VideoPoet can generate longer videos by adjusting the last 1 second of the video and predicting the next 1 second.

By looping repeatedly, VideoPoet not only expands the video well, but also faithfully preserves the appearance of all objects even over multiple iterations.

Here are two examples of how VideoPoet generates a long video from text input:

Left: Astronauts dancing on Mars with colorful fireworks in the background

Right: A drone shot of a very sharp elven stone city in the jungle with a clear blue river, waterfall and steep vertical cliffs

Compared to other models that can only generate 3-4 seconds of video, VideoPoet can generate up to 10 seconds of video at a time.

Autumn view of the castle taken by a drone

Precise control

One of the most important capabilities of video generation applications is how much control the user has over the resulting animation.

This will largely determine whether the model can be used to produce long, complex and coherent videos.

VideoPoet can not only add dynamic effects to the input image through text descriptions, but also adjust the content through text prompts to achieve the desired effect.

Left: Turning to look at the camera, Right: Yawning

In addition to supporting video editing of input images, video input can also be precisely controlled through text.

For the leftmost raccoon dancing video, users can make it dance different dances by describing different dance postures.

Spawn "Left": Dance the Robot Dance

Spawn "Medium": Dance the Griddy Dance

Spawn "right": Let's take a piece of Freestyle

Similarly, existing video clips generated by VideoPoet can be edited interactively.

If we provide an input video, we can change the object's motion to perform different actions. Manipulation of objects can be centered on the first or intermediate frame, allowing for a high degree of editorial control.

For example, you can randomly generate a few clips from the input video and select the next clip you want.

As shown in the leftmost video in the diagram, it is used as a conditioned reflex to generate four videos at the initial prompt:

"Close-up of a cute rusty, dilapidated steampunk robot covered in moss and sprouts, surrounded by tall grass."

For the first 3 outputs, there is no autonomous prediction generation of cue actions.
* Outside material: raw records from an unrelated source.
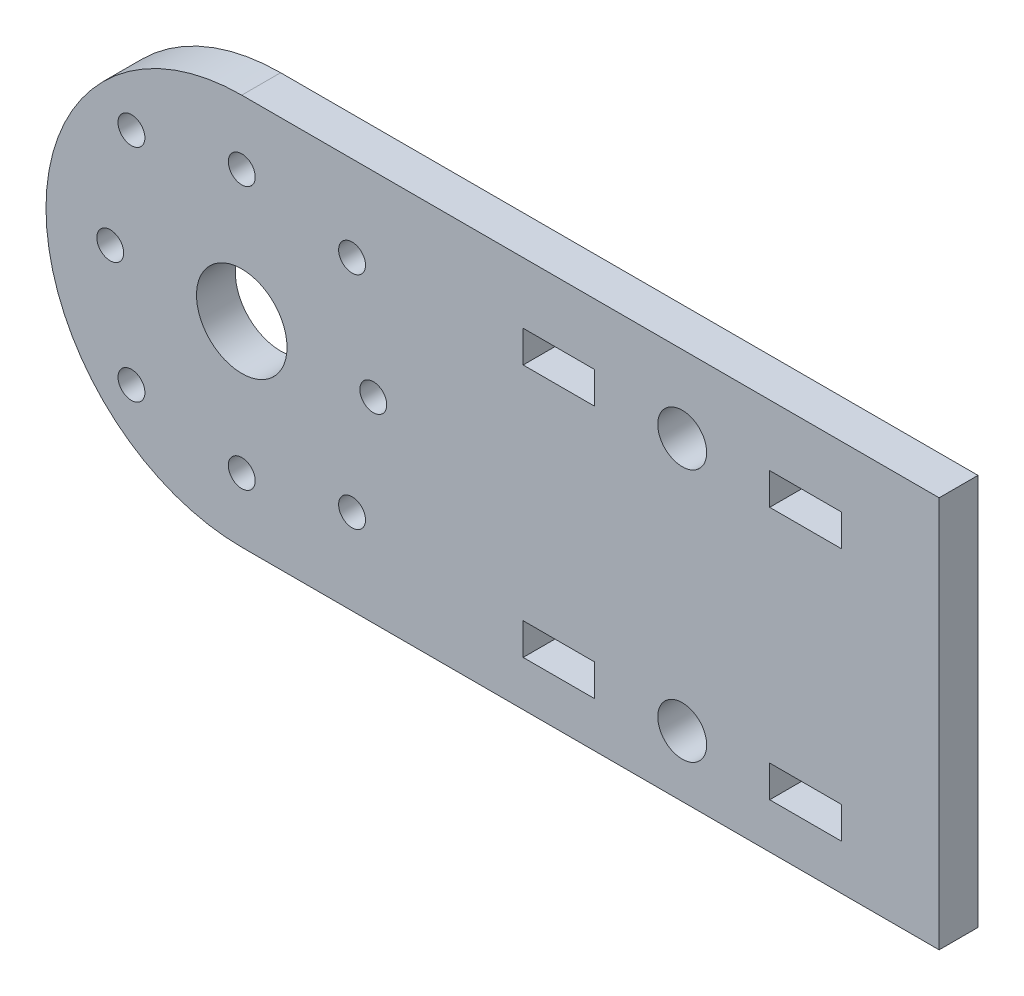
ISO-10303-21;
HEADER;
FILE_DESCRIPTION(('STEP AP214'),'2;1');
FILE_NAME('part.step','',(''),(''),'','','');
FILE_SCHEMA(('AUTOMOTIVE_DESIGN { 1 0 10303 214 1 1 1 1 }'));
ENDSEC;
DATA;
#1=APPLICATION_CONTEXT('core data for automotive mechanical design processes');
#2=APPLICATION_PROTOCOL_DEFINITION('international standard','automotive_design',2000,#1);
#3=PRODUCT_CONTEXT('',#1,'mechanical');
#4=PRODUCT('Part','Part','',(#3));
#5=PRODUCT_RELATED_PRODUCT_CATEGORY('part','',(#4));
#6=PRODUCT_DEFINITION_FORMATION('','',#4);
#7=PRODUCT_DEFINITION_CONTEXT('part definition',#1,'design');
#8=PRODUCT_DEFINITION('design','',#6,#7);
#9=PRODUCT_DEFINITION_SHAPE('','',#8);
#10=(LENGTH_UNIT() NAMED_UNIT(*) SI_UNIT(.MILLI.,.METRE.));
#11=(NAMED_UNIT(*) PLANE_ANGLE_UNIT() SI_UNIT($,.RADIAN.));
#12=(NAMED_UNIT(*) SI_UNIT($,.STERADIAN.) SOLID_ANGLE_UNIT());
#13=UNCERTAINTY_MEASURE_WITH_UNIT(LENGTH_MEASURE(1.E-05),#10,'distance_accuracy_value','');
#14=(GEOMETRIC_REPRESENTATION_CONTEXT(3) GLOBAL_UNCERTAINTY_ASSIGNED_CONTEXT((#13)) GLOBAL_UNIT_ASSIGNED_CONTEXT((#10,
#11,#12)) REPRESENTATION_CONTEXT('',''));
#15=CARTESIAN_POINT('',(0.,0.,0.));
#16=DIRECTION('',(0.,0.,1.));
#17=DIRECTION('',(1.,0.,0.));
#18=AXIS2_PLACEMENT_3D('',#15,#16,#17);
#19=CARTESIAN_POINT('',(19.,16.,3.175));
#20=DIRECTION('',(0.,0.,1.));
#21=DIRECTION('',(1.,0.,0.));
#22=AXIS2_PLACEMENT_3D('',#19,#20,#21);
#23=PLANE('',#22);
#24=DIRECTION('',(1.,0.,0.));
#25=VECTOR('',#24,1.);
#26=CARTESIAN_POINT('',(62.15,24.4,3.175));
#27=LINE('',#26,#25);
#28=CARTESIAN_POINT('',(62.15,24.4,3.175));
#29=VERTEX_POINT('',#28);
#30=CARTESIAN_POINT('',(68.,24.4,3.175));
#31=VERTEX_POINT('',#30);
#32=EDGE_CURVE('E178',#29,#31,#27,.T.);
#33=ORIENTED_EDGE('',*,*,#32,.F.);
#34=DIRECTION('',(0.,-1.,0.));
#35=VECTOR('',#34,1.);
#36=CARTESIAN_POINT('',(62.15,27.,3.175));
#37=LINE('',#36,#35);
#38=CARTESIAN_POINT('',(62.15,27.,3.175));
#39=VERTEX_POINT('',#38);
#40=EDGE_CURVE('E170',#39,#29,#37,.T.);
#41=ORIENTED_EDGE('',*,*,#40,.F.);
#42=DIRECTION('',(-1.,0.,0.));
#43=VECTOR('',#42,1.);
#44=CARTESIAN_POINT('',(62.15,27.,3.175));
#45=LINE('',#44,#43);
#46=CARTESIAN_POINT('',(68.,27.,3.175));
#47=VERTEX_POINT('',#46);
#48=EDGE_CURVE('E193',#47,#39,#45,.T.);
#49=ORIENTED_EDGE('',*,*,#48,.F.);
#50=DIRECTION('',(0.,1.,0.));
#51=VECTOR('',#50,1.);
#52=CARTESIAN_POINT('',(68.,27.,3.175));
#53=LINE('',#52,#51);
#54=EDGE_CURVE('E191',#31,#47,#53,.T.);
#55=ORIENTED_EDGE('',*,*,#54,.F.);
#56=EDGE_LOOP('',(#33,#41,#49,#55));
#57=FACE_BOUND('',#56,.T.);
#58=DIRECTION('',(-1.,0.,0.));
#59=VECTOR('',#58,1.);
#60=CARTESIAN_POINT('',(47.85,6.3,3.175));
#61=LINE('',#60,#59);
#62=CARTESIAN_POINT('',(47.85,6.3,3.175));
#63=VERTEX_POINT('',#62);
#64=CARTESIAN_POINT('',(42.,6.3,3.175));
#65=VERTEX_POINT('',#64);
#66=EDGE_CURVE('E242',#63,#65,#61,.T.);
#67=ORIENTED_EDGE('',*,*,#66,.F.);
#68=DIRECTION('',(0.,1.,0.));
#69=VECTOR('',#68,1.);
#70=CARTESIAN_POINT('',(47.85,6.3,3.175));
#71=LINE('',#70,#69);
#72=CARTESIAN_POINT('',(47.85,3.7,3.175));
#73=VERTEX_POINT('',#72);
#74=EDGE_CURVE('E240',#73,#63,#71,.T.);
#75=ORIENTED_EDGE('',*,*,#74,.F.);
#76=DIRECTION('',(1.,0.,0.));
#77=VECTOR('',#76,1.);
#78=CARTESIAN_POINT('',(47.85,3.7,3.175));
#79=LINE('',#78,#77);
#80=CARTESIAN_POINT('',(42.,3.7,3.175));
#81=VERTEX_POINT('',#80);
#82=EDGE_CURVE('E248',#81,#73,#79,.T.);
#83=ORIENTED_EDGE('',*,*,#82,.F.);
#84=DIRECTION('',(0.,-1.,0.));
#85=VECTOR('',#84,1.);
#86=CARTESIAN_POINT('',(42.,6.3,3.175));
#87=LINE('',#86,#85);
#88=EDGE_CURVE('E245',#65,#81,#87,.T.);
#89=ORIENTED_EDGE('',*,*,#88,.F.);
#90=EDGE_LOOP('',(#67,#75,#83,#89));
#91=FACE_BOUND('',#90,.T.);
#92=DIRECTION('',(1.,0.,0.));
#93=VECTOR('',#92,1.);
#94=CARTESIAN_POINT('',(42.,24.4,3.175));
#95=LINE('',#94,#93);
#96=CARTESIAN_POINT('',(42.,24.4,3.175));
#97=VERTEX_POINT('',#96);
#98=CARTESIAN_POINT('',(47.85,24.4,3.175));
#99=VERTEX_POINT('',#98);
#100=EDGE_CURVE('E279',#97,#99,#95,.T.);
#101=ORIENTED_EDGE('',*,*,#100,.F.);
#102=DIRECTION('',(0.,-1.,0.));
#103=VECTOR('',#102,1.);
#104=CARTESIAN_POINT('',(42.,27.,3.175));
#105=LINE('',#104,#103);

In the last video, "Activate, smoke in the background" has been added to the prompt to guide the action generation.

Techniques of camera movement

VideoPoet can also precisely control the changes in the image by attaching the desired camera movement to the text prompt.

For example, the researchers generated an image from the model that suggested "concept art of an adventure game, sunrise over snowy mountains, clear river". The following example adds the given text suffix to the desired action.

From left to right: zoom, slide zoom, pan left, arc action shot, swing shot, drone aerial shot

Evaluate the results

Finally, how did VideoPoet perform in specific experimental tests?

To ensure the objectivity of the assessment, Google researchers run all models on various prompts and have people rate their preferences.

The image below shows the percentage of VideoPoet selected as a green preference in the following questions.

Text Fidelity:

A user preference rating for text fidelity, which is the percentage of videos that are preferred in terms of accurately following prompts

Fun Action:

The user's preference rating for the fun of the action, which is the percentage of the video that is preferred in terms of generating interesting action

In summary, an average of 24-35% of people believe that the examples generated by VideoPoet follow the prompts more than other models, compared to 8-11% for other models.

In addition, 41%-54% of evaluators found the example actions in VideoPoet more interesting, compared to only 11%-21% for other models.

As for future research directions, Google researchers said that the VideoPoet framework will enable "any-to-any" generation, such as extended text-to-audio, audio-to-video, and video subtitles.

Netizens can't help but wonder if Runway and Pika can withstand the upcoming text-to-video innovations from Google and OpenAI.

Resources:

https://sites.research.google/videopoet/

https://blog.research.google/2023/12/videopoet-large-language-model-for-zero.html

Google's 10-second video generation model breaks the world record!